To address the uneven data distribution and enhance query performance, we introduce range partitioning based on the “VerificationDateTime” column. This involves recreating the table schema and adding range partitions for each hash partition. The goal is to reduce the number of buffers accessed by PostgreSQL, subsequently decreasing required IOPS per query execution.

The modified table schema looks like this:

CREATE TABLE "ParcelData" (
"ParcelID" BIGINT NOT NULL,
"OrderID" BIGINT,
"ConsignmentID" BIGINT,
"ShipmentNumber" BIGINT,
"ProviderID" BIGINT,
"Status" TEXT,
"ItemQuantity" INTEGER,
"CourierProviderID" INTEGER,
"PaymentStatus" INTEGER,
"VerificationDate" BIGINT,
"VerificationDateTime" TIMESTAMP WITHOUT TIME ZONE,
"AgreedDeliveryDate" BIGINT,
"CancellationDate" BIGINT,
"CancellationDateTime" TIMESTAMP WITHOUT TIME ZONE,
"ShipmentDate" BIGINT,
"ShipmentDateTime" TIMESTAMP WITHOUT TIME ZONE,
"DeliveryDate" BIGINT,
"DeliveryDateTime" TIMESTAMP WITHOUT TIME ZONE,
"Created" TIMESTAMP WITHOUT TIME ZONE,
"Updated" TIMESTAMP WITHOUT TIME ZONE,
"UnDeliveredItemCount" INTEGER,
"AgreedDeliveryDateTime" TIMESTAMP WITHOUT TIME ZONE,
"CountryCode" TEXT,

PRIMARY KEY ("ParcelID","ProviderID","VerificationDateTime")
) PARTITION BY HASH ("ProviderID");

-- Index creation
CREATE INDEX idx_parceldata_providerid_date_inc ON "ParcelData" ("ProviderID", "VerificationDateTime", "ParcelID") INCLUDE ("OrderID", "ConsignmentID", "ShipmentNumber", "Status", "ItemQuantity", "CourierProviderID", "PaymentStatus", "VerificationDate", "AgreedDeliveryDate", "CancellationDate", "CancellationDateTime", "ShipmentDate", "ShipmentDateTime", "DeliveryDate", "DeliveryDateTime", "Created", "Updated", "UnDeliveredItemCount", "AgreedDeliveryDateTime", "CountryCode");

CREATE INDEX idx_parceldata_providerid_status ON "ParcelData" ("ProviderID", "Status", "VerificationDateTime");

CREATE INDEX idx_parceldata_providerid_status_shipment_inc ON "ParcelData" ("ProviderID", "Status", "ShipmentDate") INCLUDE ("ShipmentDateTime", "CourierProviderID", "ItemQuantity");

-- Partition creation
CREATE TABLE "ParcelData_1" PARTITION OF "ParcelData"
FOR VALUES WITH (modulus 5, remainder 0) PARTITION BY RANGE ("VerificationDateTime");

CREATE TABLE "ParcelData_2" PARTITION OF "ParcelData"
FOR VALUES WITH (modulus 5, remainder 1) PARTITION BY RANGE ("VerificationDateTime");

CREATE TABLE "ParcelData_3" PARTITION OF "ParcelData"
FOR VALUES WITH (modulus 5, remainder 2) PARTITION BY RANGE ("VerificationDateTime");

CREATE TABLE "ParcelData_4" PARTITION OF "ParcelData"
FOR VALUES WITH (modulus 5, remainder 3) PARTITION BY RANGE ("VerificationDateTime");

CREATE TABLE "ParcelData_5" PARTITION OF "ParcelData"
FOR VALUES WITH (modulus 5, remainder 4) PARTITION BY RANGE ("VerificationDateTime");

Automating Sub-Partitioning with pg_partman Extension

To streamline the management of sub-partitions, we leverage the pg_partman extension.
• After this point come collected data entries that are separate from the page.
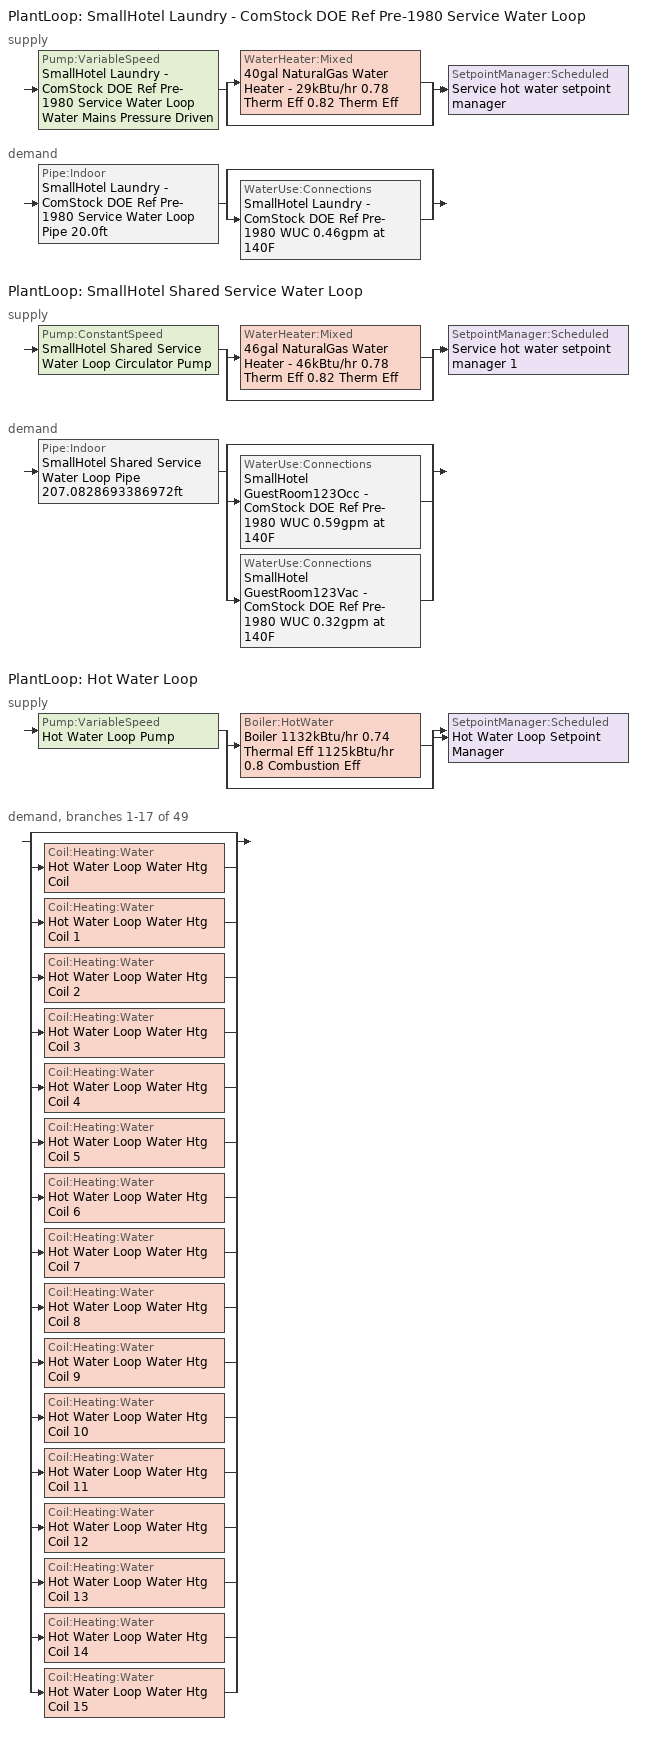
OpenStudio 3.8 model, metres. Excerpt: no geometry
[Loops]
PlantLoop 'SmallHotel Laundry - ComStock DOE Ref Pre-1980 Service Water Loop'
 supply: Pump:VariableSpeed 'SmallHotel Laundry - ComStock DOE Ref Pre-1980 Service Water Loop Water Mains Pressure Driven' > split
  | WaterHeater:Mixed '40gal NaturalGas Water Heater - 29kBtu/hr 0.78 Therm Eff 0.82 Therm Eff'
  | bypass
  join > SetpointManager:Scheduled 'Service hot water setpoint manager'
 demand: Pipe:Indoor 'SmallHotel Laundry - ComStock DOE Ref Pre-1980 Service Water Loop Pipe 20.0ft' > split
  | bypass
  | WaterUse:Connections 'SmallHotel Laundry - ComStock DOE Ref Pre-1980 WUC 0.46gpm at 140F'
PlantLoop 'SmallHotel Shared Service Water Loop'
 supply: Pump:ConstantSpeed 'SmallHotel Shared Service Water Loop Circulator Pump' > split
  | WaterHeater:Mixed '46gal NaturalGas Water Heater - 46kBtu/hr 0.78 Therm Eff 0.82 Therm Eff'
  | bypass
  join > SetpointManager:Scheduled 'Service hot water setpoint manager 1'
 demand: Pipe:Indoor 'SmallHotel Shared Service Water Loop Pipe 207.0828693386972ft' > split
  | bypass
  | WaterUse:Connections 'SmallHotel GuestRoom123Occ - ComStock DOE Ref Pre-1980 WUC 0.59gpm at 140F'
  | WaterUse:Connections 'SmallHotel GuestRoom123Vac - ComStock DOE Ref Pre-1980 WUC 0.32gpm at 140F'
PlantLoop 'Hot Water Loop'
 supply: Pump:VariableSpeed 'Hot Water Loop Pump' > split
  | Boiler:HotWater 'Boiler 1132kBtu/hr 0.74 Thermal Eff 1125kBtu/hr 0.8 Combustion Eff'
  | bypass
  join > SetpointManager:Scheduled 'Hot Water Loop Setpoint Manager'
 demand, branches 1-17 of 49: split
  | bypass
  | Coil:Heating:Water 'Hot Water Loop Water Htg Coil'
  | Coil:Heating:Water 'Hot Water Loop Water Htg Coil 1'
  | Coil:Heating:Water 'Hot Water Loop Water Htg Coil 2'
  | Coil:Heating:Water 'Hot Water Loop Water Htg Coil 3'
  | Coil:Heating:Water 'Hot Water Loop Water Htg Coil 4'
  | Coil:Heating:Water 'Hot Water Loop Water Htg Coil 5'
  | Coil:Heating:Water 'Hot Water Loop Water Htg Coil 6'
  | Coil:Heating:Water 'Hot Water Loop Water Htg Coil 7'
  | Coil:Heating:Water 'Hot Water Loop Water Htg Coil 8'
  | Coil:Heating:Water 'Hot Water Loop Water Htg Coil 9'
  | Coil:Heating:Water 'Hot Water Loop Water Htg Coil 10'
  | Coil:Heating:Water 'Hot Water Loop Water Htg Coil 11'
  | Coil:Heating:Water 'Hot Water Loop Water Htg Coil 12'
  | Coil:Heating:Water 'Hot Water Loop Water Htg Coil 13'
  | Coil:Heating:Water 'Hot Water Loop Water Htg Coil 14'
  | Coil:Heating:Water 'Hot Water Loop Water Htg Coil 15'
[Construction]
Uninsulated copper pipe 0.75in type L: Copper pipe 0.75in type L
Uninsulated copper pipe 0.75in type L 1: Copper pipe 0.75in type L 1
[Material] Roughness=Smooth; Thickness {m}=0.001143; Conductivity {W/m-K}=386; Density {kg/m3}=8906.27; Specific Heat {J/kg-K}=385.1856; Thermal Absorptance=0.9; Solar Absorptance=0.7; Visible Absorptance=0.7
Copper pipe 0.75in type L; Copper pipe 0.75in type L 1
[Sizing:Zone] Zone Cooling Design Supply Air Temperature Input Method=SupplyAirTemperature; Zone Cooling Design Supply Air Temperature {C}=13.8889; Zone Cooling Design Supply Air Temperature Difference {deltaC}=11.11; Zone Heating Design Supply Air Temperature Input Method=SupplyAirTemperature; Zone Heating Design Supply Air Temperature {C}=50; Zone Heating Design Supply Air Temperature Difference {deltaC}=11.11; Zone Cooling Design Supply Air Humidity Ratio {kg-H2O/kg-air}=0.008; Zone Heating Design Supply Air Humidity Ratio {kg-H2O/kg-air}=0.008; Cooling Design Air Flow Method=DesignDay; Heating Design Air Flow Method=DesignDay; Account for Dedicated Outdoor Air System=No; Dedicated Outdoor Air System Control Strategy=NeutralSupplyAir; Dedicated Outdoor Air Low Setpoint Temperature for Design {C}=autosize; Dedicated Outdoor Air High Setpoint Temperature for Design {C}=autosize; Zone Load Sizing Method=Sensible Load Only No Latent Load; Zone Latent Cooling Design Supply Air Humidity Ratio Input Method=HumidityRatioDifference; Zone Cooling Design Supply Air Humidity Ratio Difference {kgWater/kgDryAir}=0.005; Zone Latent Heating Design Supply Air Humidity Ratio Input Method=HumidityRatioDifference; Zone Humidification Design Supply Air Humidity Ratio Difference {kgWater/kgDryAir}=0.005
Zone SmallHotel GuestRoom123Vac A end_a - Story Ground; Zone SmallHotel GuestRoom123Vac B end_a - Story Ground; Zone SmallHotel GuestRoom123Vac C end_a - Story Ground; Zone SmallHotel GuestRoom123Vac A  - Story Ground; Zone SmallHotel GuestRoom123Vac B  - Story Ground; Zone SmallHotel GuestRoom123Vac C  - Story Ground; Zone SmallHotel Exercise A  - Story Ground; Zone SmallHotel Exercise B  - Story Ground; Zone SmallHotel Exercise C  - Story Ground; Zone SmallHotel Laundry A  - Story Ground; Zone SmallHotel GuestRoom123Occ A  - Story Ground; Zone SmallHotel Corridor B  - Story Ground; Zone SmallHotel GuestRoom123Occ C  - Story Ground; Zone SmallHotel GuestLounge A  - Story Ground; Zone SmallHotel GuestLounge B  - Story Ground; Zone SmallHotel GuestLounge C  - Story Ground
[Zone equipment]
Zone SmallHotel GuestRoom123Vac A end_a - Story Ground: Zone SmallHotel GuestRoom123Vac A end_a - Story Ground PTAC
Zone SmallHotel GuestRoom123Vac B end_a - Story Ground: Zone SmallHotel GuestRoom123Vac B end_a - Story Ground PTAC
Zone SmallHotel GuestRoom123Vac C end_a - Story Ground: Zone SmallHotel GuestRoom123Vac C end_a - Story Ground PTAC
Zone SmallHotel GuestRoom123Vac A  - Story Ground: Zone SmallHotel GuestRoom123Vac A  - Story Ground PTAC
Zone SmallHotel GuestRoom123Vac B  - Story Ground: Zone SmallHotel GuestRoom123Vac B  - Story Ground PTAC
Zone SmallHotel GuestRoom123Vac C  - Story Ground: Zone SmallHotel GuestRoom123Vac C  - Story Ground PTAC
Zone SmallHotel Exercise A  - Story Ground: Zone SmallHotel Exercise A  - Story Ground PTAC
Zone SmallHotel Exercise B  - Story Ground: Zone SmallHotel Exercise B  - Story Ground PTAC
Zone SmallHotel Exercise C  - Story Ground: Zone SmallHotel Exercise C  - Story Ground PTAC
Zone SmallHotel Laundry A  - Story Ground: Zone SmallHotel Laundry A  - Story Ground PTAC
Zone SmallHotel GuestRoom123Occ A  - Story Ground: Zone SmallHotel GuestRoom123Occ A  - Story Ground PTAC
Zone SmallHotel Corridor B  - Story Ground: Zone SmallHotel Corridor B  - Story Ground PTAC
Zone SmallHotel GuestRoom123Occ C  - Story Ground: Zone SmallHotel GuestRoom123Occ C  - Story Ground PTAC
Zone SmallHotel GuestLounge A  - Story Ground: Zone SmallHotel GuestLounge A  - Story Ground PTAC
Zone SmallHotel GuestLounge B  - Story Ground: Zone SmallHotel GuestLounge B  - Story Ground PTAC
Zone SmallHotel GuestLounge C  - Story Ground: Zone SmallHotel GuestLounge C  - Story Ground PTAC
[WaterUse:Connections] Drain Water Heat Exchanger Type=None; Drain Water Heat Exchanger Destination=Plant
Name | Water Use Equipment Name 1
SmallHotel GuestRoom123Occ - ComStock DOE Ref Pre-1980 WUC 0.59gpm at 140F | SmallHotel GuestRoom123Occ - ComStock DOE Ref Pre-1980 Service Water Use 0.59gpm at 140F
SmallHotel GuestRoom123Vac - ComStock DOE Ref Pre-1980 WUC 0.32gpm at 140F | SmallHotel GuestRoom123Vac - ComStock DOE Ref Pre-1980 Service Water Use 0.32gpm at 140F
SmallHotel Laundry - ComStock DOE Ref Pre-1980 WUC 0.46gpm at 140F | SmallHotel Laundry - ComStock DOE Ref Pre-1980 Service Water Use 0.46gpm at 140F
[WaterUse:Equipment:Definition] Target Temperature Schedule=Mixed Water At Faucet Temp - 140F; Sensible Fraction Schedule=Fraction Sensible - 0.2; Latent Fraction Schedule=Fraction Latent - 0.05
Name | Peak Flow Rate {m3/s}
SmallHotel GuestRoom123Occ - ComStock DOE Ref Pre-1980 Service Water Use Def 0.59gpm | 3.74409e-05
SmallHotel GuestRoom123Vac - ComStock DOE Ref Pre-1980 Service Water Use Def 0.32gpm | 2.04682e-05
SmallHotel Laundry - ComStock DOE Ref Pre-1980 Service Water Use Def 0.46gpm | 2.87815e-05
[WaterUse:Equipment]
Name | Water Use Equipment Definition | Flow Rate Fraction Schedule
SmallHotel GuestRoom123Occ - ComStock DOE Ref Pre-1980 Service Water Use 0.59gpm at 140F | SmallHotel GuestRoom123Occ - ComStock DOE Ref Pre-1980 Service Water Use Def 0.59gpm | HotelSmall GuestRoom_SHW_Sch
SmallHotel GuestRoom123Vac - ComStock DOE Ref Pre-1980 Service Water Use 0.32gpm at 140F | SmallHotel GuestRoom123Vac - ComStock DOE Ref Pre-1980 Service Water Use Def 0.32gpm | HotelSmall GuestRoom_SHW_Sch
SmallHotel Laundry - ComStock DOE Ref Pre-1980 Service Water Use 0.46gpm at 140F | SmallHotel Laundry - ComStock DOE Ref Pre-1980 Service Water Use Def 0.46gpm | HotelSmall LaundryRoom_SHW_Sch
[PlantLoop] Glycol Concentration=0; Minimum Loop Temperature {C}=10; Load Distribution Scheme=Optimal
Name | Maximum Loop Temperature {C} | Maximum Loop Flow Rate {m3/s} | Plant Loop Volume {m3} | Fluid Type
SmallHotel Laundry - ComStock DOE Ref Pre-1980 Service Water Loop | 60 | 2.87815e-05 | 0.00345378
SmallHotel Shared Service Water Loop | 60 | 5.79091e-05 | 0.00694909
Hot Water Loop |  | 0.00741725 | 0.890069 | Water
[Sizing:Plant] Loop Type=Heating; Sizing Option=NonCoincident; Zone Timesteps in Averaging Window=1; Coincident Sizing Factor Mode=None
Name | Design Loop Exit Temperature {C} | Loop Design Temperature Difference {deltaC}
SmallHotel Laundry - ComStock DOE Ref Pre-1980 Service Water Loop; SmallHotel Shared Service Water Loop | 60 | 5
Hot Water Loop | 82.2222 | 11.1111
[SetpointManager:Scheduled] Control Variable=Temperature
Name | Schedule | Setpoint Node or NodeList
Service hot water setpoint manager | Service Water Loop Temp - 140F | SmallHotel Laundry - ComStock DOE Ref Pre-1980 Service Water Loop Supply Outlet Node
Service hot water setpoint manager 1 | Service Water Loop Temp - 140F | SmallHotel Shared Service Water Loop Supply Outlet Node
Hot Water Loop Setpoint Manager | Hot Water Loop Temp - 180F | Hot Water Loop Supply Outlet Node
[Pump:VariableSpeed] Coefficient 1 of the Part Load Performance Curve=0; Coefficient 2 of the Part Load Performance Curve=3.2485; Coefficient 3 of the Part Load Performance Curve=-4.7443; Coefficient 4 of the Part Load Performance Curve=2.5294; Pump Control Type=Intermittent; Skin Loss Radiative Fraction=0.5; Design Power Sizing Method=PowerPerFlowPerPressure; Design Electric Power per Unit Flow Rate {W/(m3/s)}=348701.1; Design Shaft Power per Unit Flow Rate per Unit Head {W-s/m3-Pa}=1.28205; Design Minimum Flow Rate Fraction=0
Name | Rated Flow Rate {m3/s} | Rated Pump Head {Pa} | Rated Power Consumption {W} | Motor Efficiency
SmallHotel Laundry - ComStock DOE Ref Pre-1980 Service Water Loop Water Mains Pressure Driven | 2.87815e-05 | 0.001 | 4.47265e-08 | 0.825
Hot Water Loop Pump | 0.00741725 | 179344 | 1949.07 | 0.875
[WaterHeater:Mixed] Setpoint Temperature Schedule=Service Water Loop Temp - 140F; Deadband Temperature Difference {deltaC}=2; Maximum Temperature Limit {C}=60; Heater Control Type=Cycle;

This extension simplifies the creation and maintenance of time-based partitions. Here’s a summary of the steps involved:

  • Install pg_partman extension if not already installed.
apt-get install postgresql-{pg_release}-partman
  • Create extension in the database.
ALTER SYSTEM SET shared_preload_libraries TO 'pg_partman_bgw';
  • Configure administration schema and permissions for partman.
CREATE SCHEMA partman;
CREATE EXTENSION pg_partman SCHEMA partman;
CREATE ROLE partman WITH LOGIN;
GRANT ALL ON SCHEMA partman TO partman;
GRANT ALL ON ALL TABLES IN SCHEMA partman TO partman;
GRANT EXECUTE ON ALL FUNCTIONS IN SCHEMA partman TO partman;
GRANT EXECUTE ON ALL PROCEDURES IN SCHEMA partman TO partman;
GRANT ALL ON SCHEMA public TO partman;
GRANT TEMPORARY ON DATABASE db_name to partman;
GRANT CREATE ON DATABASE db_name TO partman;
  • Create base tables for each hash partition.
  • Use pg_partman to create parent tables with range partitions.

The following commands illustrate the process:

-- Base table creation (e.g., ParcelData_1_base, ParcelData_2_base, ...)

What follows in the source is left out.